Below are entries; work out how many of their lines hold "width", giving only that number.

*** Opening of Material for this task ***

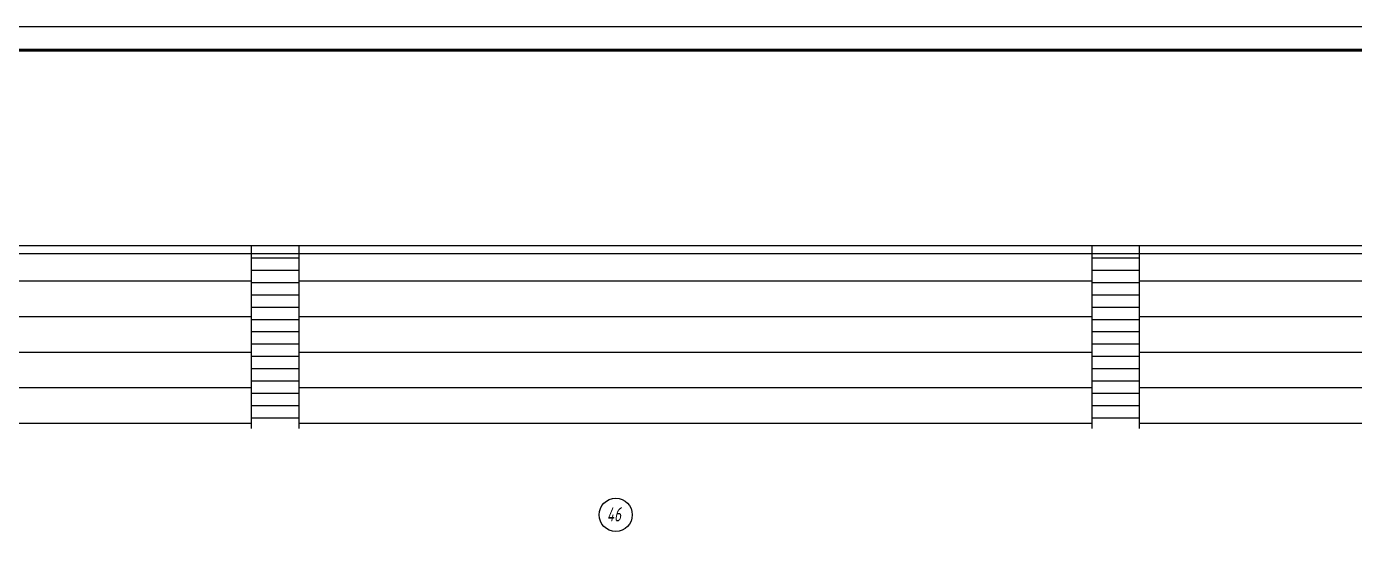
# Model space of a CAD drawing. Extents: x 0 to 1720, y -2086 to 3873.
# Drawn here: x 162.3 to 442.4, y -110.4 to -1 of the extents above; entities that cross this region are included whole.
import ezdxf

# ---------------------------------------------------------------- set-up
doc = ezdxf.new("R2010")
doc.units = 0
doc.layers.add('FORMAT', color=134, linetype='Continuous')
doc.layers.add('PLAN', color=2, linetype='Continuous')
doc.styles.add('R2_5', font='romant.shx', dxfattribs={"width": 0.65, "oblique": 12, "height": 2.5})

msp = doc.modelspace()

# ---------------------------------------------------------------- linework, layer by layer
at = {"layer": 'FORMAT'}
msp.add_lwpolyline([(0, -1), (1720.39, -1), (1720.39, -298), (0, -298)], close=True, dxfattribs=at)
at = {"layer": 'FORMAT', "lineweight": 50}
msp.add_lwpolyline([(20, -293), (20, -6), (1715.39, -6), (1715.39, -293)], close=True, dxfattribs=at)
at = {"layer": 'PLAN'}
for p, q in [((33, -47.23), (1460.2, -47.23)), ((209.7, -47.23), (209.7, -85.89)), ((219.7, -47.23), (219.7, -85.89)), ((387, -47.23), (387, -85.89)), ((397, -47.23), (397, -85.89)), ((37.4, -48.93), (1380.89, -48.93)), ((209.7, -49.83), (219.7, -49.83)), ((387, -49.83), (397, -49.83)), ((209.7, -52.43), (219.7, -52.43)), ((387, -52.43), (397, -52.43)), ((33, -54.73), (209.7, -54.73)), ((209.7, -55.03), (219.7, -55.03)), ((219.7, -54.73), (387, -54.73)), ((387, -55.03), (397, -55.03)), ((397, -54.73), (564.3, -54.73)), ((209.7, -57.63), (219.7, -57.63)), ((387, -57.63), (397, -57.63)), ((209.7, -60.23), (219.7, -60.23)), ((387, -60.23), (397, -60.23)), ((33, -62.23), (209.7, -62.23)), ((209.7, -62.83), (219.7, -62.83)), ((219.7, -62.23), (387, -62.23)), ((387, -62.83), (397, -62.83)), ((397, -62.23), (564.3, -62.23)), ((209.7, -65.43), (219.7, -65.43)), ((387, -65.43), (397, -65.43)), ((33, -69.73), (209.7, -69.73)), ((209.7, -68.03), (219.7, -68.03)), ((219.7, -69.73), (387, -69.73)), ((387, -68.03), (397, -68.03)), ((397, -69.73), (564.3, -69.73)), ((209.7, -70.63), (219.7, -70.63)), ((387, -70.63), (397, -70.63)), ((209.7, -73.23), (219.7, -73.23)), ((387, -73.23), (397, -73.23)), ((33, -77.23), (209.7, -77.23)), ((209.7, -75.83), (219.7, -75.83)), ((209.7, -78.43), (219.7, -78.43)), ((219.7, -77.23), (387, -77.23)), ((387, -75.83), (397, -75.83)), ((387, -78.43), (397, -78.43)), ((397, -77.23), (564.3, -77.23)), ((209.7, -81.03), (219.7, -81.03)), ((387, -81.03), (397, -81.03)), ((209.7, -83.63), (219.7, -83.63)), ((387, -83.63), (397, -83.63)), ((33, -84.73), (209.7, -84.73)), ((219.7, -84.73), (387, -84.73)), ((397, -84.73), (564.3, -84.73))]:
    msp.add_line(p, q, dxfattribs=at)
msp.add_circle((286.57, -104.1), 3.5, dxfattribs=at)

# ---------------------------------------------------------------- texts
at = {"layer": 'PLAN', "style": 'R2_5', "oblique": 12, "width": 0.65}
msp.add_text('46', height=3, dxfattribs=at).set_placement((284.68, -105.5))

doc.saveas('drawing.dxf')

*** Close of Material for this task ***

> [Response]: 2